▶ Dataset entries

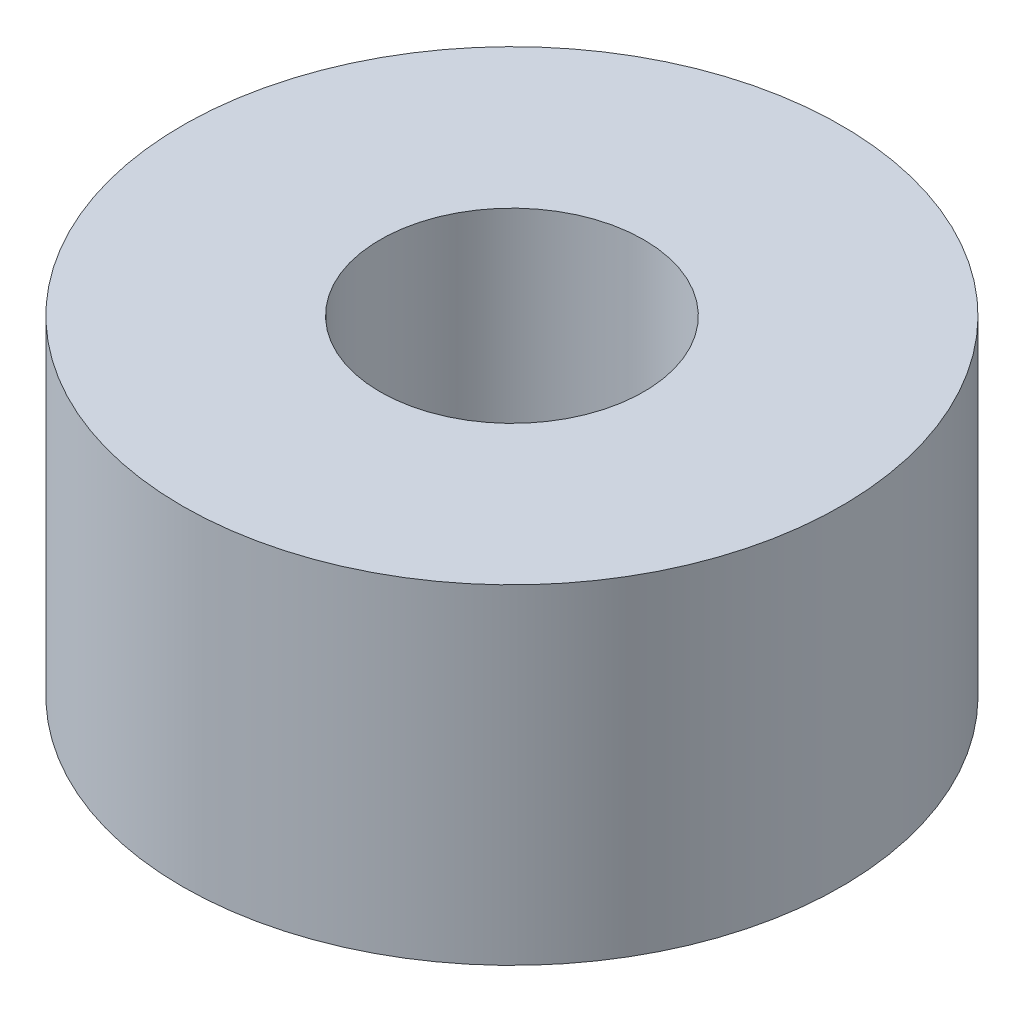
SolidWorks part; units mm, degrees
ref_plane "前视基准面" through (0, 0, 0) normal (0, 0, 1) x (1, 0, 0)
ref_plane "上视基准面" through (0, 0, 0) normal (0, 1, 0) x (1, 0, 0)
ref_plane "右视基准面" through (0, 0, 0) normal (1, 0, 0) x (0, 0, -1)
sketch "草图1" plane through (0, 0, 0) normal (0, 1, 0) x (1, 0, 0)
  circle A0 centre (0, 0) radius 2.5
  circle A1 centre (0, 0) radius 1
extrude "凸台-拉伸1" add sketch "草图1" along normal blind 2.5

▶ Task objective
Reprint the data verbatim, pictures excluded.

▶ Response to the task
SolidWorks part; units mm, degrees
ref_plane "前视基准面" through (0, 0, 0) normal (0, 0, 1) x (1, 0, 0)
ref_plane "上视基准面" through (0, 0, 0) normal (0, 1, 0) x (1, 0, 0)
ref_plane "右视基准面" through (0, 0, 0) normal (1, 0, 0) x (0, 0, -1)
sketch "草图1" plane through (0, 0, 0) normal (0, 1, 0) x (1, 0, 0)
  circle A0 centre (0, 0) radius 2.5
  circle A1 centre (0, 0) radius 1
extrude "凸台-拉伸1" add sketch "草图1" along normal blind 2.5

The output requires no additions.